Activity =
From the entries below, copy each line in which the word "sqrt" occurs.

Exercise data =
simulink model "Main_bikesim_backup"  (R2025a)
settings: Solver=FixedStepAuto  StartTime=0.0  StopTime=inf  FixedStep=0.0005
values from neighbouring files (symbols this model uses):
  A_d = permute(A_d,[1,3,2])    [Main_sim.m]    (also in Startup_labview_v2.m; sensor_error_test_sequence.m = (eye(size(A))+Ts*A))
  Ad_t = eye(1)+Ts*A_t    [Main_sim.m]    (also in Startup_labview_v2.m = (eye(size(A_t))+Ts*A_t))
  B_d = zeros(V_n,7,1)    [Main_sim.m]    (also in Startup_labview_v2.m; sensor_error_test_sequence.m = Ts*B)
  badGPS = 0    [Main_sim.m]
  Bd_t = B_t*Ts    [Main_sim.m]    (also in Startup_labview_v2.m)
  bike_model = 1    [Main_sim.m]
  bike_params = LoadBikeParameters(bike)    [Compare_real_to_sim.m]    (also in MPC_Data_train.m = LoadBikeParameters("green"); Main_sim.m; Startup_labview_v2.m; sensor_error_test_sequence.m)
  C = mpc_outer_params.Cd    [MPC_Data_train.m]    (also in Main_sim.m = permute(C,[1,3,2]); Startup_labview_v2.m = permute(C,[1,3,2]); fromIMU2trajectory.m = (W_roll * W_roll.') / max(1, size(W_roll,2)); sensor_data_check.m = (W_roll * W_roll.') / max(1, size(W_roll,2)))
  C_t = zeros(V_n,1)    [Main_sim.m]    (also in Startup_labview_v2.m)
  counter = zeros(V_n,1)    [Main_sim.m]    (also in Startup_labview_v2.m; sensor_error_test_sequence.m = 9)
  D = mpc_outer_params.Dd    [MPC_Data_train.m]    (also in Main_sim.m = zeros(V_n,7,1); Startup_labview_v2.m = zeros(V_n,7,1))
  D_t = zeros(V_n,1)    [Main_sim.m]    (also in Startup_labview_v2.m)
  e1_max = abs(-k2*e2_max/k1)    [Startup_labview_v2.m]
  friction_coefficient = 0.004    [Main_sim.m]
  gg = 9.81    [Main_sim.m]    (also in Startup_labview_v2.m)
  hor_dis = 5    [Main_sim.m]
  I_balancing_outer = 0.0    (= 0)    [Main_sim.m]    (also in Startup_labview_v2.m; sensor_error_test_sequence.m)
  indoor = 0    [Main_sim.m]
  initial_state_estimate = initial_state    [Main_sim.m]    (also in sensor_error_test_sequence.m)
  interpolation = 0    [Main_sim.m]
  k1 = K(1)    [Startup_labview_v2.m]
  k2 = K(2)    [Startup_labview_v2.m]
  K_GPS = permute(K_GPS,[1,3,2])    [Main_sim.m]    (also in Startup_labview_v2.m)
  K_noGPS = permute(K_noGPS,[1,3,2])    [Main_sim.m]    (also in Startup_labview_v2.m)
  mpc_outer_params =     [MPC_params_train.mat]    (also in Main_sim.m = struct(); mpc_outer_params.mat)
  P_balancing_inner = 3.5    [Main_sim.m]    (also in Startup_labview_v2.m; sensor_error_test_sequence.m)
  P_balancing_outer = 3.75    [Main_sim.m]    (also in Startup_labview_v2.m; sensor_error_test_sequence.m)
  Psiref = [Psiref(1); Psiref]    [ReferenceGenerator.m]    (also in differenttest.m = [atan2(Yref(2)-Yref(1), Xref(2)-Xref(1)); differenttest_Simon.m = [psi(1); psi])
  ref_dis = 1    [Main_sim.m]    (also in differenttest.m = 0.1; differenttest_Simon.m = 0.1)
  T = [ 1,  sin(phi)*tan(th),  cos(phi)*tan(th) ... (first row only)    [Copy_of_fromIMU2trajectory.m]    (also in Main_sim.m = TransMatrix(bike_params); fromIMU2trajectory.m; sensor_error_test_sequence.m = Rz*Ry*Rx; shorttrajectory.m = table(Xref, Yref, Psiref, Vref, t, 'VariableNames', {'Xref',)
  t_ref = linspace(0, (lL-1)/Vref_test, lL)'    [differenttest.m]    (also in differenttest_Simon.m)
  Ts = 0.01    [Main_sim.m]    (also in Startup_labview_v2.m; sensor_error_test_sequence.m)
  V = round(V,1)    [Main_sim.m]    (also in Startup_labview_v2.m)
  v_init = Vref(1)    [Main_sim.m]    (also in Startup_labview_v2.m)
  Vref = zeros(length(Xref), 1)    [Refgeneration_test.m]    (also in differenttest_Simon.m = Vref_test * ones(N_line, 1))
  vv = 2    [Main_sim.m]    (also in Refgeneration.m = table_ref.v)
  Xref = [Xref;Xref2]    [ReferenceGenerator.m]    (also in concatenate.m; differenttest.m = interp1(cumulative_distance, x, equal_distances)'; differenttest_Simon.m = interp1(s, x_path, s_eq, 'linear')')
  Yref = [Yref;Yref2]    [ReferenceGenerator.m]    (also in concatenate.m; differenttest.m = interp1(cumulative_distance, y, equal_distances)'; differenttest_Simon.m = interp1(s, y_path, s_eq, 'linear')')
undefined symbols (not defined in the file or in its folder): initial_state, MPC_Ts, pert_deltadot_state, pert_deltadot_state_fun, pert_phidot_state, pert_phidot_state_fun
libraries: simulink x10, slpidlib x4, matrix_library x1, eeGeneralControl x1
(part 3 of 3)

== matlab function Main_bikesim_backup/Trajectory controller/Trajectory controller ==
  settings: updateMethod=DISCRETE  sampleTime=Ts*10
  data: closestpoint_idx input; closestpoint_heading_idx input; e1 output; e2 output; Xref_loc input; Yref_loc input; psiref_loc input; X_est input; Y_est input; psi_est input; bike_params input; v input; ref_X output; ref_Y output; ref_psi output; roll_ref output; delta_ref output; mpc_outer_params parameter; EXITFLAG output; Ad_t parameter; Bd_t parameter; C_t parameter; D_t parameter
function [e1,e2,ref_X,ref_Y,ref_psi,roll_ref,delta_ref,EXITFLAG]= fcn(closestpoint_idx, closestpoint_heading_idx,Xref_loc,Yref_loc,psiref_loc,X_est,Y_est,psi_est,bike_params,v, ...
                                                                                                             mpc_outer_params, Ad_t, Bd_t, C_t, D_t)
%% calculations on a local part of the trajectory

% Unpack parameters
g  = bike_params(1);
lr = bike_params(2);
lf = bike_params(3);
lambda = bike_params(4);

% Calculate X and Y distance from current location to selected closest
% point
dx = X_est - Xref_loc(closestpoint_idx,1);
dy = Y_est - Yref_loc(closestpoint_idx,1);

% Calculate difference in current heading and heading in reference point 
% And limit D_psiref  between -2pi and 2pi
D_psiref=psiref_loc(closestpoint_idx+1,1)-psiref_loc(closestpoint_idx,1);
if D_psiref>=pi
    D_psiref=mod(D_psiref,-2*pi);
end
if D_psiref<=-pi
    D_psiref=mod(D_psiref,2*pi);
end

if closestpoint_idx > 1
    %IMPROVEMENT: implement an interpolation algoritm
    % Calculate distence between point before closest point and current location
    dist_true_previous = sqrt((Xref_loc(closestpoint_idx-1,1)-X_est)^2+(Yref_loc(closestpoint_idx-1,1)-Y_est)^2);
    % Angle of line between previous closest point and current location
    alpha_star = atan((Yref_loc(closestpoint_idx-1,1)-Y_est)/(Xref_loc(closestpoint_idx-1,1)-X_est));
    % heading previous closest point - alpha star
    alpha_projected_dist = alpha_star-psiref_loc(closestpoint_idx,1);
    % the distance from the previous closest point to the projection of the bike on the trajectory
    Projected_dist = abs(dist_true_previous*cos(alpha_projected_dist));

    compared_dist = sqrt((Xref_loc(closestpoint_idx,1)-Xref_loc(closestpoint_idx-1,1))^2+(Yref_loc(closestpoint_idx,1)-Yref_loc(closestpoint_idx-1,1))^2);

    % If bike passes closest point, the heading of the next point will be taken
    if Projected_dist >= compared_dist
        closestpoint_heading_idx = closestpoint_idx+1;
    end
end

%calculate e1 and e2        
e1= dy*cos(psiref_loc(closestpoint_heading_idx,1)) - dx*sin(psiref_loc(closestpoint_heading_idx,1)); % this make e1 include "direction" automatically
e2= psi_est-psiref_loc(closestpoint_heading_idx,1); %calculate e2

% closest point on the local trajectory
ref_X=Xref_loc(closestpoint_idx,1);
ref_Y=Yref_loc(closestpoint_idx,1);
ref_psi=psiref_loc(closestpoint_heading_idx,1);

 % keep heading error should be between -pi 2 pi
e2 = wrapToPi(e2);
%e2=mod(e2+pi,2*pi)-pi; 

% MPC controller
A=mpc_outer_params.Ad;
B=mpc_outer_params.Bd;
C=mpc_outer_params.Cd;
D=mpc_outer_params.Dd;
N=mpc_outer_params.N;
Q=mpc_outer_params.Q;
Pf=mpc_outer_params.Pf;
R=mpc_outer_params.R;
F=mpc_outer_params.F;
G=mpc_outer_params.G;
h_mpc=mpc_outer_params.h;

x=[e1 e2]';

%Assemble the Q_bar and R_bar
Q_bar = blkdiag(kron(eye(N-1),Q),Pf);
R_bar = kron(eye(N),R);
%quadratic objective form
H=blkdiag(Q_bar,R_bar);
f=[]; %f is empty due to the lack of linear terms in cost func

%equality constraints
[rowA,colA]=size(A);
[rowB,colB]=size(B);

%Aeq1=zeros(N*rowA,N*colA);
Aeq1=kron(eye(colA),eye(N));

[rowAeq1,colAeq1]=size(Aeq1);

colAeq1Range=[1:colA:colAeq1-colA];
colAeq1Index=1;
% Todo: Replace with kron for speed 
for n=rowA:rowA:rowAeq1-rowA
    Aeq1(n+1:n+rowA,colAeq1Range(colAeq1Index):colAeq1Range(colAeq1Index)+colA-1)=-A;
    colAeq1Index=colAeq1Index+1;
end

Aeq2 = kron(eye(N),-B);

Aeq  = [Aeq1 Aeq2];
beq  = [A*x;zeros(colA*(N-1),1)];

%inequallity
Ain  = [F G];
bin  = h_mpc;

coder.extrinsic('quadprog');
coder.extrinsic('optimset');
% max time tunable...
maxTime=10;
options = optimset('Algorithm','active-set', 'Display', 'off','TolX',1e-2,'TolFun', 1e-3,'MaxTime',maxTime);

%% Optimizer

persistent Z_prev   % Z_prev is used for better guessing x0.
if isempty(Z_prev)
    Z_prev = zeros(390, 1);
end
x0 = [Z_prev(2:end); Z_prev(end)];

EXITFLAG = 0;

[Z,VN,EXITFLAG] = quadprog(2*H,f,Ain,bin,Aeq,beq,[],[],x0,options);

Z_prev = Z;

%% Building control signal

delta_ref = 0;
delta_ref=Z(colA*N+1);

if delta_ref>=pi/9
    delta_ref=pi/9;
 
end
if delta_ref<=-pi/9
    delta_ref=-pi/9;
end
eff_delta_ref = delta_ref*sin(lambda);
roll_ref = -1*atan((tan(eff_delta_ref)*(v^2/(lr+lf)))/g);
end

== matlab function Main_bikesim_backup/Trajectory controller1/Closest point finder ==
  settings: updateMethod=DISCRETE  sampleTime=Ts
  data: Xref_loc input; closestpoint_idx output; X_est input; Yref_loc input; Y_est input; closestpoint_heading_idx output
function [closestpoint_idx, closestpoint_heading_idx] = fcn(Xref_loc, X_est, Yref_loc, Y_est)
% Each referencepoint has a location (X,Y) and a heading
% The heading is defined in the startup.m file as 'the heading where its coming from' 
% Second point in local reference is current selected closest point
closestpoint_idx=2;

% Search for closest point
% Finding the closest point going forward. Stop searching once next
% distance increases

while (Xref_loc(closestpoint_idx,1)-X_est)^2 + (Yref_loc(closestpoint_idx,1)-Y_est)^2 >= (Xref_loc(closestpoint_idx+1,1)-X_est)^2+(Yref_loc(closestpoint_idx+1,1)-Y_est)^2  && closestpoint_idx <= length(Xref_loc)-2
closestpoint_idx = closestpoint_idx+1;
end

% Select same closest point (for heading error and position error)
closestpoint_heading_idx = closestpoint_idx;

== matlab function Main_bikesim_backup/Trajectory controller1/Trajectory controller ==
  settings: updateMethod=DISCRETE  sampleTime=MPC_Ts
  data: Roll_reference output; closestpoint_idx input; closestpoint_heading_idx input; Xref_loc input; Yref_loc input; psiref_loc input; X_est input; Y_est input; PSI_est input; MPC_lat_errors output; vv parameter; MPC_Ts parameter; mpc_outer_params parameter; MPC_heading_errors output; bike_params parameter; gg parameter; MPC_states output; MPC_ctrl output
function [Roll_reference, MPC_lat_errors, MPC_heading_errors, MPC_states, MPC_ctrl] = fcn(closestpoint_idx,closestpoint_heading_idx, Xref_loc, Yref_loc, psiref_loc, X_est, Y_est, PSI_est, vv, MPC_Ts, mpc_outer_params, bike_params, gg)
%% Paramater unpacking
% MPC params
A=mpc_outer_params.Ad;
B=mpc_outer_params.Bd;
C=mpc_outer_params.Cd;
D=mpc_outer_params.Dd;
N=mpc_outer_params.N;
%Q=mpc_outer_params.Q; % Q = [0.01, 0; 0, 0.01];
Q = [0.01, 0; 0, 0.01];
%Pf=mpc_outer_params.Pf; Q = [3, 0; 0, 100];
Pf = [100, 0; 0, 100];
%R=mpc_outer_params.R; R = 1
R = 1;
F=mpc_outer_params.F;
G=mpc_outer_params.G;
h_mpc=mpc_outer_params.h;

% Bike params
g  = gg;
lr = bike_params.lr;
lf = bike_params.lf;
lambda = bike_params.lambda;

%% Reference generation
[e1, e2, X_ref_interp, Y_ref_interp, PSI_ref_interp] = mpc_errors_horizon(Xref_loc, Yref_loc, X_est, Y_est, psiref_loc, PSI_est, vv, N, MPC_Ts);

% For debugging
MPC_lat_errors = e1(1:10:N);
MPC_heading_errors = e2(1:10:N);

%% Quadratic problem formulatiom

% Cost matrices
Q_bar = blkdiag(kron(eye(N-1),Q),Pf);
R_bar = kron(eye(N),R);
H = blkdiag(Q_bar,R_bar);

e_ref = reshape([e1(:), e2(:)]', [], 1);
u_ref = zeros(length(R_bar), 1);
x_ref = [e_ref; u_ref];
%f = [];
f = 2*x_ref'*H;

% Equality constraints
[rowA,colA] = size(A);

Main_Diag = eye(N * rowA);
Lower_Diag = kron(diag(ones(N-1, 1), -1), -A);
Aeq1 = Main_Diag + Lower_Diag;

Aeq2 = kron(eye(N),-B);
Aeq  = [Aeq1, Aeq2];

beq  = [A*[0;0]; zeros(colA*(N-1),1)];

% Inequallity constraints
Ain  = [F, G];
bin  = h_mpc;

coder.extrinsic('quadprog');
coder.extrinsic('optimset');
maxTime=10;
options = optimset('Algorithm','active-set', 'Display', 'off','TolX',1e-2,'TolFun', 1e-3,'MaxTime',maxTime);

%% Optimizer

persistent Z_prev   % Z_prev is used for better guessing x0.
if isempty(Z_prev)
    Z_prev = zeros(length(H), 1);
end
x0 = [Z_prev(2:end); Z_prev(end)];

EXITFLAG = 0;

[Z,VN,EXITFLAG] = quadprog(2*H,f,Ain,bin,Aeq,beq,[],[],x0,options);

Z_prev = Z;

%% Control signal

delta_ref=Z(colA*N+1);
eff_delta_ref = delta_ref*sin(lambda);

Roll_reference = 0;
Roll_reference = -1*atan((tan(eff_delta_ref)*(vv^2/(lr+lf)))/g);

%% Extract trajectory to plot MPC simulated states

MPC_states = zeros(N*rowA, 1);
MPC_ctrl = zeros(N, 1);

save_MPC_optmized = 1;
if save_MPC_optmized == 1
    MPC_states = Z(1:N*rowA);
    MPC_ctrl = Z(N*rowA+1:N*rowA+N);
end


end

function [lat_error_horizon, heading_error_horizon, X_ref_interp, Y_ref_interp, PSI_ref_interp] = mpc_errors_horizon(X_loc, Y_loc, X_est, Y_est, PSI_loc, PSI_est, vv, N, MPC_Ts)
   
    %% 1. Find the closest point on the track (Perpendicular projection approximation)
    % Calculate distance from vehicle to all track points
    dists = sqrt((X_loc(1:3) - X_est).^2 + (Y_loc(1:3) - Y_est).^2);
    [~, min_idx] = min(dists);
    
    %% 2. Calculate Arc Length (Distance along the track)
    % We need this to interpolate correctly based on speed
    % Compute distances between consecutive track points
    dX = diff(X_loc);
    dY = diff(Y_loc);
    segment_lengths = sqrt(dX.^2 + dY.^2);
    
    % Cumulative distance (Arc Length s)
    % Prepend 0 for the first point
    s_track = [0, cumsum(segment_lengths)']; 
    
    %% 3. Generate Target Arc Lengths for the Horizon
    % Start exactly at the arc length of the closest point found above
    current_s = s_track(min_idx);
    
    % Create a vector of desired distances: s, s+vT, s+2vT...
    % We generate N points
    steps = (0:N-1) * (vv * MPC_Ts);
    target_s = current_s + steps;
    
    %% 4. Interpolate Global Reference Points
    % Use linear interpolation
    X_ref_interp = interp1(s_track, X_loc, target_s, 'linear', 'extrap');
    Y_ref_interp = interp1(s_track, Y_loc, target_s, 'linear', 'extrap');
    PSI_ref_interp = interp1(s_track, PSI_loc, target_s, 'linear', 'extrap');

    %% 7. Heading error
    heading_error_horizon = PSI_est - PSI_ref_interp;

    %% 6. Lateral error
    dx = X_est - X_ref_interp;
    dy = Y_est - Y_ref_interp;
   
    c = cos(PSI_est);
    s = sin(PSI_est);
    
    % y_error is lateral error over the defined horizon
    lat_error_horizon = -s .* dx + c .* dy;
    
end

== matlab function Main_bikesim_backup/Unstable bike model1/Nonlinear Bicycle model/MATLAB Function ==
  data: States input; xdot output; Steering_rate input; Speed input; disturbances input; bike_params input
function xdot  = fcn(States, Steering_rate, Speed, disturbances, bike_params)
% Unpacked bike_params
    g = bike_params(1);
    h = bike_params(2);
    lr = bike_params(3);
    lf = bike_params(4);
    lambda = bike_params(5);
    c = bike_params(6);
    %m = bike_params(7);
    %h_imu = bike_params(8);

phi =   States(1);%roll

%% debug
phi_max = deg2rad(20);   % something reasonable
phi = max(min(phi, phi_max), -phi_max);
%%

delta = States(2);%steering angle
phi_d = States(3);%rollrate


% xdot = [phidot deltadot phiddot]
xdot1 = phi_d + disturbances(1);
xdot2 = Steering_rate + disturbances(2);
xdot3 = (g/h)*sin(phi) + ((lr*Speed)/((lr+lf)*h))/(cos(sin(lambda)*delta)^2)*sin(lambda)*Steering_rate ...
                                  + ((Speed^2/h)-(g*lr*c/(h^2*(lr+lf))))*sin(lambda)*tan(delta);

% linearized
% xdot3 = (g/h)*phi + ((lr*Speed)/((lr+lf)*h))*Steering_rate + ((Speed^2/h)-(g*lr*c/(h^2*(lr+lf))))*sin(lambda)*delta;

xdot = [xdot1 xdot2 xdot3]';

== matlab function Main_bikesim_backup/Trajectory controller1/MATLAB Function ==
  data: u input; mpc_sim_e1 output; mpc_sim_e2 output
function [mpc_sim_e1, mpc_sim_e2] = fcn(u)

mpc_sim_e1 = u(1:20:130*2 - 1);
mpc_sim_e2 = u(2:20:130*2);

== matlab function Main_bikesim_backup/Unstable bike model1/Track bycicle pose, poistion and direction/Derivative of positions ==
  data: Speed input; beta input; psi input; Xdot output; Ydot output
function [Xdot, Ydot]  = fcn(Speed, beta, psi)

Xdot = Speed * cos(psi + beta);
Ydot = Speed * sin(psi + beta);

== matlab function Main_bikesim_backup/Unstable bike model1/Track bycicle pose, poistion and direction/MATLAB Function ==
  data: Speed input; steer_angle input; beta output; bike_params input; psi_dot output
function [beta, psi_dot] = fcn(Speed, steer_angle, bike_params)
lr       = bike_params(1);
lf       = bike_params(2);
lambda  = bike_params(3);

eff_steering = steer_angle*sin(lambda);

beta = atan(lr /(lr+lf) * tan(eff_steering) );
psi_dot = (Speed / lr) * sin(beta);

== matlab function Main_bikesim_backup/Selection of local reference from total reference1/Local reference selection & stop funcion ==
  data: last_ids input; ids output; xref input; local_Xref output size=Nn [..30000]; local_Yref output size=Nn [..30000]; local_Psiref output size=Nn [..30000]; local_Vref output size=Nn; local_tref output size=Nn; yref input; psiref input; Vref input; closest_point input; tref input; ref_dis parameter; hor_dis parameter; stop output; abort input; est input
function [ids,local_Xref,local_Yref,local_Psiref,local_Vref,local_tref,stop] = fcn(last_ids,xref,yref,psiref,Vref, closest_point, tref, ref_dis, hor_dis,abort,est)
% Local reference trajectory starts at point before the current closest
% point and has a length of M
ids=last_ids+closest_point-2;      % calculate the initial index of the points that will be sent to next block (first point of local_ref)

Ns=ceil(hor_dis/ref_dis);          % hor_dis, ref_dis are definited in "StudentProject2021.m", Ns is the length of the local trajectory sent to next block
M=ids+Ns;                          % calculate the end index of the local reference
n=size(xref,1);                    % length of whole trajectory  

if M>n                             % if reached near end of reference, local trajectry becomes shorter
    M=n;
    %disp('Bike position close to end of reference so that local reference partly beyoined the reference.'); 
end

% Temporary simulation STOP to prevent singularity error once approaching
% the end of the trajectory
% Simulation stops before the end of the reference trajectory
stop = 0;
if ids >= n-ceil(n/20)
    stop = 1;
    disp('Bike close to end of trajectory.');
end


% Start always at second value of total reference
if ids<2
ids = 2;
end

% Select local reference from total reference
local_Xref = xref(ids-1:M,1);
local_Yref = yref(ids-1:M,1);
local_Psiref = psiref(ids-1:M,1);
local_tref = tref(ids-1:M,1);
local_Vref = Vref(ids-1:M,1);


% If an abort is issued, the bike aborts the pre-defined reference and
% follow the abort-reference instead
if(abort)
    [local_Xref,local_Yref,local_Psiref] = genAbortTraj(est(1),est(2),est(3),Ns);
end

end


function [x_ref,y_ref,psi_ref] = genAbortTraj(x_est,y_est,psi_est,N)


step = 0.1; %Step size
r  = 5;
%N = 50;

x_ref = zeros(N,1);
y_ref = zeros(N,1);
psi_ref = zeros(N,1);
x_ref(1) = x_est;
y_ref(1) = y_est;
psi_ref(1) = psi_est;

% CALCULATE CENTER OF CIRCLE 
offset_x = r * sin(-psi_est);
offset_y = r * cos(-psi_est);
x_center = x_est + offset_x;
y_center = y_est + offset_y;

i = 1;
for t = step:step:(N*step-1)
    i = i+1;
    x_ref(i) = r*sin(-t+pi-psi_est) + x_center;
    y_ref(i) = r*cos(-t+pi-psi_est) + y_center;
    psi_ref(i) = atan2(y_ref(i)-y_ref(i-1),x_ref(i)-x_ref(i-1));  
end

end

Answer for this exercise =
    dist_true_previous = sqrt((Xref_loc(closestpoint_idx-1,1)-X_est)^2+(Yref_loc(closestpoint_idx-1,1)-Y_est)^2);
    compared_dist = sqrt((Xref_loc(closestpoint_idx,1)-Xref_loc(closestpoint_idx-1,1))^2+(Yref_loc(closestpoint_idx,1)-Yref_loc(closestpoint_idx-1,1))^2);
    dists = sqrt((X_loc(1:3) - X_est).^2 + (Y_loc(1:3) - Y_est).^2);
    segment_lengths = sqrt(dX.^2 + dY.^2);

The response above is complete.